Tanca ayakta: Fas halkı Gazze için sokakta, normalleşmeye karşı isyanda
Tanca’da binlerce Faslı, işgalci İsrail’le normalleşmeye karşı çıkarak Gazze’deki soykırımı protesto etti; yürüyüş siyonist rejimin bayrağının yakılmasıyla sona erdi.
Fas’ın kuzeyindeki Tanca kentinde cumartesi akşamı binlerce kişi, işgalci İsrail ile normalleşmenin sürdürülmesini protesto etmek ve Gazze Şeridi’nde Filistin halkına yönelik soykırım savaşını kınamak amacıyla kitlesel bir yürüyüş düzenledi.
“Filistin İçin Ulusal Eylem Grubu”nun çağrısıyla, “Fas halkı direnişle birlikte, normalleşmeye karşı; vatanı savunmak ve Filistin’e destek için” sloganıyla gerçekleştirilen yürüyüşe; insan hakları örgütleri ile sol ve İslami çevrelerden çok sayıda temsilci katıldı. Yürüyüş, Fas ile işgalci İsrail arasında Aralık 2020’de ilişkilerin yeniden başlatılmasını öngören üçlü anlaşmanın imzalanmasının beşinci yıl dönümüne denk geldi.
Yaklaşık üç saat süren yürüyüş boyunca göstericiler, normalleşme karşıtı ve Gazze ile Filistin direnişine destek veren sloganlar attı. Atılan sloganlar arasında “Halk normalleşmenin düşmesini istiyor”, “Tanca ve Gazze bir; halk bir”, “Tanca’dan direnişçi Gazze’ye selam” ve “Gazze satılık değil” ifadeleri yer aldı.
Göstericiler ayrıca, “Tanca direniş ve Aksa Tufanı ile birlikte; normalleşmenin düşürülmesi için”, “Normalleşmeye karşı Faslılar; halk siyonist varlığın temsilcisinin kovulmasını istiyor” ve “Boykot et; savaş bitebilir ama işgal sürüyor” yazılı pankartlar taşıdı. Eylemde ABD’nin soykırımcı İsrail’e verdiği desteği kınayan sloganlar da dikkat çekti.
Yürüyüşün sonunda göstericiler, işgalci İsrail'in bayrağını yakarak normalleşmeye ve işgal politikalarına yönelik tepkilerini sembolik olarak ortaya koydu.
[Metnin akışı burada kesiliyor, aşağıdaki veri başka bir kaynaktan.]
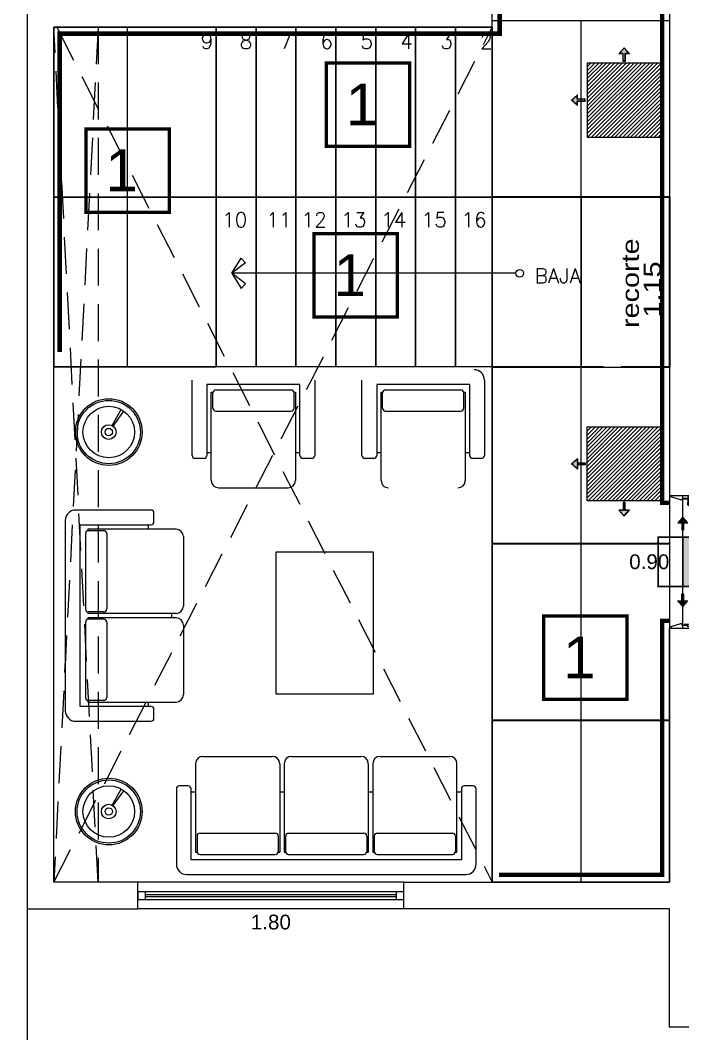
# Model space of a CAD drawing. Header units: metres. Extents: x 116 to 542, y -164 to 56.
# Drawn here: x 499.55 to 504.03, y -93.56 to -86.69 of the extents above; entities that cross this region are included whole.
import ezdxf

# ---------------------------------------------------------------- set-up
doc = ezdxf.new("R2010")
doc.units = ezdxf.units.M
doc.set_wipeout_variables(frame=1)
doc.header["$PDMODE"] = 35
for name, pattern in [('AR-169$0$ACAD_ISO07W100', [3, 0, -3]), ('AR-169$0$DASHED2', [0.375, 0.25, -0.125]), ('AR-169$0$HIDDEN', [0.375, 0.25, -0.125]), ('DASHED2', [0.375, 0.25, -0.125])]:
    doc.linetypes.add(name, pattern=pattern)
for name, color, linetype in [('A-ACABADOS PISOS', 1, 'Continuous'), ('A-CAMBIO DE ACABADO', 1, 'Continuous'), ('A-DESPIECE', 5, 'Continuous'), ('A-PISO', 30, 'Continuous'), ('A-PROY CERRAMIENTOS', 4, 'DASHED2'), ('A-TEXTOS', 7, 'Continuous'), ('A-TEXTOS 1', 8, 'Continuous'), ('A-ZOCLO', 30, 'Continuous'), ('AR-169$0$A-DIM-VANOS', 8, 'Continuous'), ('AR-169$0$A-ESCALON', 8, 'Continuous'), ('AR-169$0$A-EXTERIOR', 8, 'Continuous'), ('AR-169$0$A-MUROS', 8, 'Continuous'), ('AR-169$0$A-MUROS BAJOS', 8, 'Continuous'), ('AR-169$0$A-PROY CERRAMIENTOS', 8, 'AR-169$0$DASHED2'), ('AR-169$0$A-PROY LINTERNILLAS', 8, 'AR-169$0$HIDDEN'), ('AR-169$0$A-PUERTAS', 8, 'Continuous'), ('AR-169$0$A-TEXTOS 1', 8, 'Continuous'), ('AR-169$0$A-VENTANAS', 8, 'Continuous')]:
    doc.layers.add(name, color=color, linetype=linetype)
doc.layers.add('AR-169$0$A-MUEBLES', color=8, linetype='Continuous', lineweight=0)
doc.styles.add('AR-169$0$Anot_Arial', font='arial.ttf')
doc.styles.add('AR-169$0$oK', font='romans.shx', dxfattribs={"height": 0.18})
doc.styles.add('AR-169$0$Standard', font='arial.ttf')
doc.styles.add('oK', font='romans.shx', dxfattribs={"height": 0.12})
doc.styles.get("Standard").update_dxf_attribs({"font": 'arial.ttf'})
doc.dimstyles.new('AR-169$0$VANOS', dxfattribs={"dimtxt": 0.1, "dimasz": 0.05, "dimexe": 0, "dimexo": 0, "dimgap": 0.03, "dimtad": 0, "dimtih": 1, "dimtoh": 1, "dimzin": 0, "dimdsep": 46, "dimtxsty": 'AR-169$0$Standard', "dimblk": 'AR-169$0$_Dot', "dimcen": 0.09, "dimse1": 1, "dimse2": 1, "dimsd1": 1, "dimsd2": 1, "dimclrd": 256, "dimclre": 256, "dimclrt": 256, "dimazin": 0, "dimtfac": 1, "dimtix": 1, "dimtofl": 0, "dimtmove": 2, "dimatfit": 3, "dimldrblk": 'AR-169$0$COTA', "dimfxl": 0, "dimtolj": 1, "dimtzin": 0, "dimlwd": 18, "dimarcsym": 0})
pattern_1 = [(45, (488.824794, -82.390725), (-0.013264287, 0.013264287), [])]

# ---------------------------------------------------------------- blocks, each defined once
blk = doc.blocks.new('*U94')
at = {"color": 0}
for points in [[(0, -0.02), (1.3837, -0.02), (1.3837, 0.02), (0, 0.02)], [(0, -0.02), (0.04, -0.02), (0.04, 0.02), (0, 0.02)], [(1.3837, 0.02), (1.3437, 0.02), (1.3437, -0.02), (1.3837, -0.02)]]:
    blk.add_lwpolyline(points, close=True, dxfattribs=at)
at = {"color": 8}
for points in [[(0.04, 0.005), (1.3437, 0.005)], [(0.04, -0.005), (1.3437, -0.005)]]:
    blk.add_lwpolyline(points, dxfattribs=at)
at = {"style": 'AR-169$0$Anot_Arial', "flags": 1}
for tag, p in [('ESPACIO', (0.1591, 0.4028)), ('TIPO', (0.1591, 0.3233)), ('NUMERO', (0.1591, 0.2487)), ('MATERIAL', (0.1591, 0.1668))]:
    blk.add_attdef(tag, p, '', height=0.0625, dxfattribs=at)
blk = doc.blocks.new('*U91')
at = {"color": 0}
for p, q in [((0.0659, -0.0688), (0.026, -0.0715)), ((0.0619, -0.0971), (0.034, -0.0991)), ((0.1235, -0.8917), (0.0836, -0.8945)), ((0.1156, -0.8642), (0.0876, -0.8662))]:
    blk.add_line(p, q, dxfattribs=at)
at = {"color": 8, "linetype": 'ByBlock'}
for p, q in [((0.0685, -0.6786), (0.0697, -0.6963)), ((0.0717, -0.6803), (0.0727, -0.6942))]:
    blk.add_line(p, q, dxfattribs=at)
at = {"color": 0}
for points in [[(0, -0.0757), (0.01, -0.0757), (0.01, -0.0566), (0.02, -0.0566), (0.02, -0.0166), (0.03, -0.0166), (0.03, -0.0166), (0.03, -0.0066), (0.01, 0.0584), (0, 0.0584), (0, -0.0757)], [(0.9, -0.0757), (0.89, -0.0757), (0.89, -0.0566), (0.88, -0.0566), (0.88, -0.0166), (0.87, -0.0166), (0.87, -0.0166), (0.87, -0.0066), (0.89, 0.0584), (0.9, 0.0584), (0.9, -0.0757)], [(0.025, -0.0516), (0.025, -0.0166)], [(0.03, -0.0562), (0.0649, -0.0538)], [(0.0653, -0.0588), (0.0649, -0.0538)], [(0.032, -0.0711), (0.0619, -0.0971)], [(0.032, -0.0711), (0.0896, -0.8941)], [(0.034, -0.0991), (0.06, -0.0692)], [(0.1175, -0.8922), (0.06, -0.0692)], [(0.0876, -0.8662), (0.1175, -0.8922)], [(0.0896, -0.8941), (0.1156, -0.8642)]]:
    blk.add_lwpolyline(points, dxfattribs=at)
blk.add_lwpolyline([(0.0253, -0.0616), (0.0253, -0.0616), (0.0653, -0.0588), (0.1242, -0.9017), (0.0843, -0.9045)], close=True, dxfattribs=at)
blk.add_lwpolyline([(0.0651, -0.6752), (0.0669, -0.7001, -1)], format="xyb", close=True, dxfattribs=at)
at = {"color": 0, "linetype": 'ByBlock'}
blk.add_lwpolyline([(0.0651, -0.6752), (0.0669, -0.7001, -1)], format="xyb", close=True, dxfattribs=at)
at = {"color": 8, "linetype": 'ByBlock'}
blk.add_lwpolyline([(0.0669, -0.7001), (0.0667, -0.697, 1), (0.0653, -0.6783), (0.0651, -0.6752, -1)], format="xyb", close=True, dxfattribs=at)
at = {"color": 8}
for points in [[(0.0146, -0.8392), (0.0099, -0.7719), (0.04, -0.7372), (0.041, -0.7513), (0.0201, -0.7753), (0.0245, -0.8385)], [(0.1842, -0.8274), (0.1794, -0.76), (0.1448, -0.7299), (0.1457, -0.744), (0.1698, -0.7648), (0.1742, -0.8281)], [(0.0825, -0.8796), (0.0726, -0.8803), (0.0677, -0.8104), (0.0777, -0.8097)], [(0.1225, -0.8768), (0.1324, -0.8761), (0.1275, -0.8063), (0.1176, -0.8069)], [(0.0708, -0.8553), (0.016, -0.8592), (0.0146, -0.8392), (0.0694, -0.8354)], [(0.1307, -0.8511), (0.1855, -0.8473), (0.1842, -0.8274), (0.1293, -0.8312)]]:
    blk.add_lwpolyline(points, close=True, dxfattribs=at)
for points in [[(0.0146, -0.8392), (0.016, -0.8592, -1)], [(0.1842, -0.8274), (0.1855, -0.8473, 1)]]:
    blk.add_lwpolyline(points, format="xyb", close=True, dxfattribs=at)
at = {"color": 0}
blk.add_circle((0.025, -0.0566), 0.005, dxfattribs=at)
at = {"color": 0, "linetype": 'AR-169$0$ACAD_ISO07W100', "ltscale": 0.005}
blk.add_arc((0.025, -0.0566), 0.85, 274, 2.41317, dxfattribs=at)
at = {"style": 'AR-169$0$Anot_Arial', "flags": 1}
for tag, p in [('ESPACIO', (0.109, 0.5853)), ('TOPE', (0.109, 0.5124)), ('TIPO', (0.109, 0.4329)), ('NUMERO', (0.109, 0.3583)), ('MATERIAL', (0.109, 0.2753))]:
    blk.add_attdef(tag, p, '', height=0.0625, dxfattribs=at)
blk = doc.blocks.new('AR-169$0$FLCH')
for points in [[(0, 1.95), (-0.1022, 1.8866), (-0.0718, 1.8576), (0, 1.95)], [(0, 1.95), (0.1022, 1.8866), (0.0718, 1.8576), (0, 1.95)], [(0, 0.0256), (0, 1.95)]]:
    blk.add_lwpolyline(points)
blk.add_circle((0, 0), 0.0256)
blk = doc.blocks.new('*D542')
at = {"layer": 'Defpoints', "color": 0, "transparency": 16777216}
for p in [(503.9442, -89.9104), (503.807, -90.8104), (503.9442, -90.8104)]:
    blk.add_point(p, dxfattribs=at)
at = {"layer": 'AR-169$0$A-DIM-VANOS', "transparency": 16777216, "insert": (503.807, -90.3604), "char_height": 0.1, "attachment_point": 5, "style": 'AR-169$0$Standard'}
blk.add_mtext('\\A1;0.90', dxfattribs=at)
blk = doc.blocks.new('AR-169$0$_Dot')
at = {"color": 0, "linetype": 'ByBlock', "lineweight": -2}
blk.add_line((-0.5, 0), (-1, 0), dxfattribs=at)
at = {"color": 0, "linetype": 'ByBlock', "const_width": 0.5}
blk.add_lwpolyline([(-0.25, 0, 1), (0.25, 0, 1)], format="xyb", close=True, dxfattribs=at)
blk = doc.blocks.new('AR-169$0$COTA')
blk.add_line((-2.93, 0), (0, 0))
blk.add_lwpolyline([(-1.41, 0), (-1.41, -0.35), (0, -0.35), (0, 0)], close=True)
blk.add_solid([(-1.41, 0), (-1.41, -0.35), (0, 0), (0, -0.35)])
blk = doc.blocks.new('*D547')
at = {"layer": 'Defpoints', "color": 0, "transparency": 16777216}
for p in [(500.3442, -92.7104), (502.1442, -92.7104), (500.3442, -92.8002)]:
    blk.add_point(p, dxfattribs=at)
at = {"layer": 'AR-169$0$A-DIM-VANOS', "transparency": 16777216, "insert": (501.2442, -92.8002), "char_height": 0.1, "attachment_point": 5, "style": 'AR-169$0$Standard'}
blk.add_mtext('\\A1;1.80', dxfattribs=at)
blk = doc.blocks.new('A$C7F1E1069')
h = blk.add_hatch(color=1)
h.dxf.hatch_style = 1
h.paths.add_polyline_path([(-0.225, 0), (-0.225, 0.225), (0.225, 0.225), (0.225, 0)])
at = {"color": 1, "const_width": 0.015}
for points in [[(-0.225, 0), (-0.225, 0.225), (0.225, 0.225), (0.225, 0)], [(0.225, -0.225), (0.225, 0), (-0.225, 0), (-0.225, -0.225)]]:
    blk.add_lwpolyline(points, close=True, dxfattribs=at)
blk = doc.blocks.new('r')
h = blk.add_hatch(color=5)
h.dxf.hatch_style = 1
h.paths.add_polyline_path([(1655.762, 468.449), (1655.668, 468.348), (1655.746, 468.348), (1655.746, 468.2), (1655.778, 468.2), (1655.778, 468.348), (1655.856, 468.348)])
at = {"color": 5}
for points in [[(1655.762, 468.456), (1655.658, 468.343), (1655.742, 468.343), (1655.742, 468.196), (1655.782, 468.196), (1655.782, 468.343), (1655.866, 468.343)], [(1655.762, 468.449), (1655.668, 468.348), (1655.746, 468.348), (1655.746, 468.2), (1655.778, 468.2), (1655.778, 468.348), (1655.856, 468.348)]]:
    blk.add_lwpolyline(points, close=True, dxfattribs=at)
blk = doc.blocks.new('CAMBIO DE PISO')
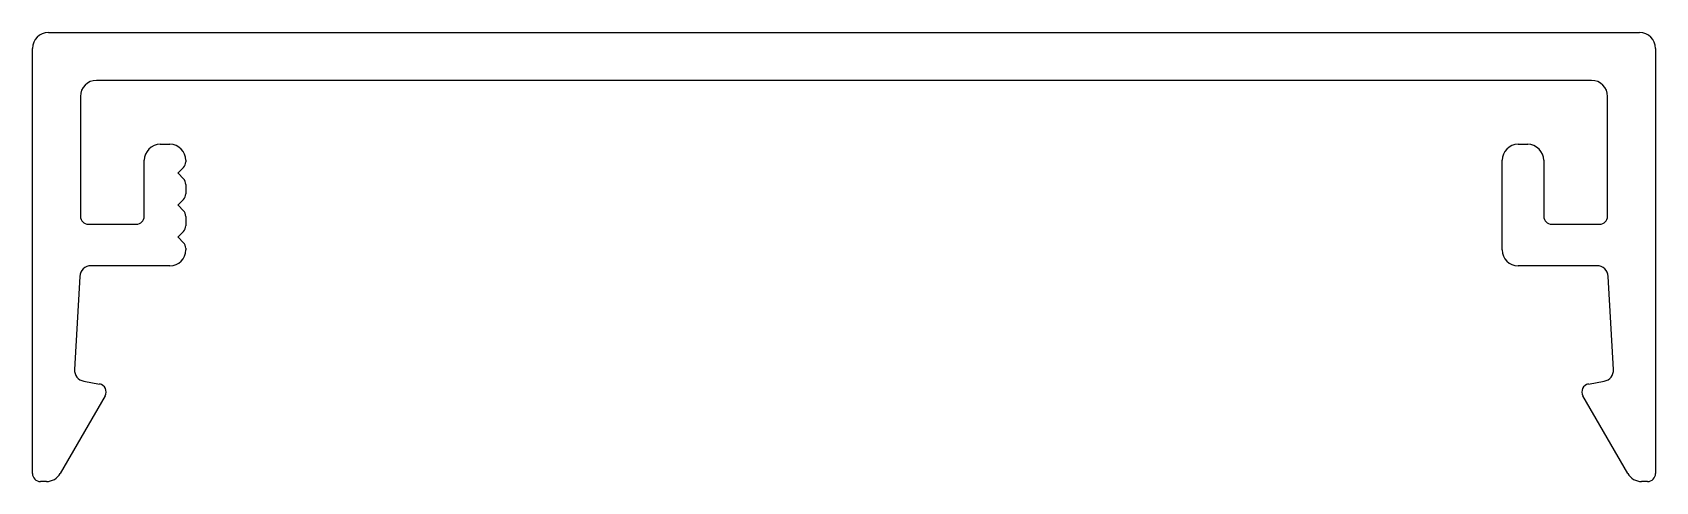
# Model space of a CAD drawing. Extents: x 4.3 to 55.1, y 2.5 to 16.5.
import ezdxf

# ---------------------------------------------------------------- set-up
doc = ezdxf.new("R2010")
doc.units = 0
doc.layers.get('0').update_dxf_attribs({"linetype": 'CONTINUOUS'})

msp = doc.modelspace()

# ---------------------------------------------------------------- linework, layer by layer
for p, q in [((4.783, 16.535), (54.583, 16.535)), ((4.283, 2.735), (4.283, 16.035)), ((55.083, 16.035), (55.083, 2.735)), ((53.083, 15.035), (6.283, 15.035)), ((5.783, 14.535), (5.783, 10.785)), ((53.583, 10.785), (53.583, 14.535)), ((8.283, 13.035), (8.583, 13.035)), ((50.783, 13.035), (51.083, 13.035)), ((7.783, 10.785), (7.783, 12.535)), ((9.01, 12.311), (8.839, 12.14)), ((9.083, 12.535), (9.083, 12.488)), ((50.283, 9.735), (50.283, 12.535)), ((51.583, 12.535), (51.583, 10.785)), ((8.839, 12.129), (9.01, 11.958)), ((9.083, 11.781), (9.083, 11.488)), ((9.01, 11.312), (8.839, 11.14)), ((8.839, 11.129), (9.01, 10.958)), ((9.083, 10.781), (9.083, 10.488)), ((6.033, 10.535), (7.533, 10.535)), ((9.01, 10.312), (8.839, 10.14)), ((51.833, 10.535), (53.333, 10.535)), ((8.839, 10.129), (9.01, 9.958)), ((9.083, 9.781), (9.083, 9.735)), ((8.583, 9.235), (6.114, 9.235)), ((53.252, 9.235), (50.783, 9.235)), ((5.765, 8.904), (5.601, 5.988)), ((53.766, 5.988), (53.602, 8.904)), ((5.889, 5.623), (6.382, 5.536)), ((52.985, 5.536), (53.477, 5.623)), ((6.555, 5.165), (5.151, 2.735)), ((54.215, 2.735), (52.812, 5.165)), ((4.718, 2.485), (4.533, 2.485)), ((54.833, 2.485), (54.648, 2.485))]:
    msp.add_line(p, q)
for centre, radius, start, end in [((4.783, 16.035), 0.5, 90, 180), ((54.583, 16.035), 0.5, 0, 90), ((6.283, 14.535), 0.5, 90, 180), ((53.083, 14.535), 0.5, 0, 90), ((8.283, 12.535), 0.5, 90, 180), ((8.583, 12.535), 0.5, 360, 90), ((50.783, 12.535), 0.5, 90, 180), ((51.083, 12.535), 0.5, 360, 90), ((8.833, 12.488), 0.25, 315, 360), ((8.844, 12.135), 0.008, 135, 225), ((8.833, 11.781), 0.25, 0, 45), ((8.833, 11.488), 0.25, 315, 360), ((6.033, 10.785), 0.25, 180, 270), ((7.533, 10.785), 0.25, 270, 0), ((8.844, 11.135), 0.008, 135, 225), ((8.833, 10.781), 0.25, 0, 45), ((51.833, 10.785), 0.25, 180, 270), ((53.333, 10.785), 0.25, 270, 360), ((8.833, 10.488), 0.25, 315, 0), ((8.583, 9.735), 0.5, 270, 360), ((8.844, 10.135), 0.008, 135, 225), ((8.833, 9.781), 0.25, 0, 45), ((50.783, 9.735), 0.5, 180, 270), ((6.114, 8.885), 0.35, 90, 176.7822), ((53.252, 8.885), 0.35, 3.2178, 90), ((5.95, 5.968), 0.35, 176.7822, 260), ((53.416, 5.968), 0.35, 280, 3.2178), ((6.338, 5.29), 0.25, 330, 80), ((53.028, 5.29), 0.25, 100, 210), ((4.533, 2.735), 0.25, 180, 270), ((4.718, 2.985), 0.5, 270, 330), ((54.648, 2.985), 0.5, 210, 270), ((54.833, 2.735), 0.25, 270, 360)]:
    msp.add_arc(centre, radius, start, end)

doc.saveas('drawing.dxf')

Fas Normalleşme Karşıtı Gözlemevi Başkanı Ahmed Veyhman, basına yaptığı açıklamada, bu yürüyüşün Gazze’de süren soykırıma karşı yükselen ulusal ve halkçı bir duruşun parçası olduğunu belirtti. Veyhman, Fas halkının Filistin’i ulusal ve ümmetin merkezi bir davası olarak gördüğünü vurguladı.
Veyhman, söz konusu eylemin “uluslararası sessizlik ve resmi iş birliği karşısında kolektif bir vicdan çığlığı” olduğunu ifade ederek, Fas halkının ne fiilen ne de sessiz kalarak Filistinli sivillere karşı işlenen savaş suçlarının ortağı olamayacağını söyledi.
Tanca’nın coğrafi ve tarihsel sembolizmine dikkat çeken Veyhman, kentin daha önce de işgalci İsrail’e silah taşıyan gemilerin Fas limanlarına yanaşmasına karşı çıktığını, bunun da “öldürme makinesiyle iş birliğinin bir biçimi” olarak görüldüğünü kaydetti.
Barışçıl halk hareketinin, normalleşmenin reddi yönündeki kararlı tutumu yansıttığını belirten Veyhman, Fas’ın Filistin, direniş ve insan onuru ile adalet değerlerinin yanında durmaya devam edeceğini dile getirdi.
Fas ile işgalci İsrail arasındaki ilişkilerin yeniden başlatılması, Donald Trump’ın 10 Aralık 2020’de Rabat, Tel Aviv ve Washington arasında varılan üçlü anlaşmayı duyurmasıyla gerçekleşmişti. Anlaşma kapsamında diplomatik ilişkilerin yeniden kurulması ve irtibat ofislerinin açılması öngörülmüş; buna karşılık ABD, Fas’ın Batı Sahra üzerindeki egemenliğini tanımış ve Fas’ın özerklik planına destek vermişti.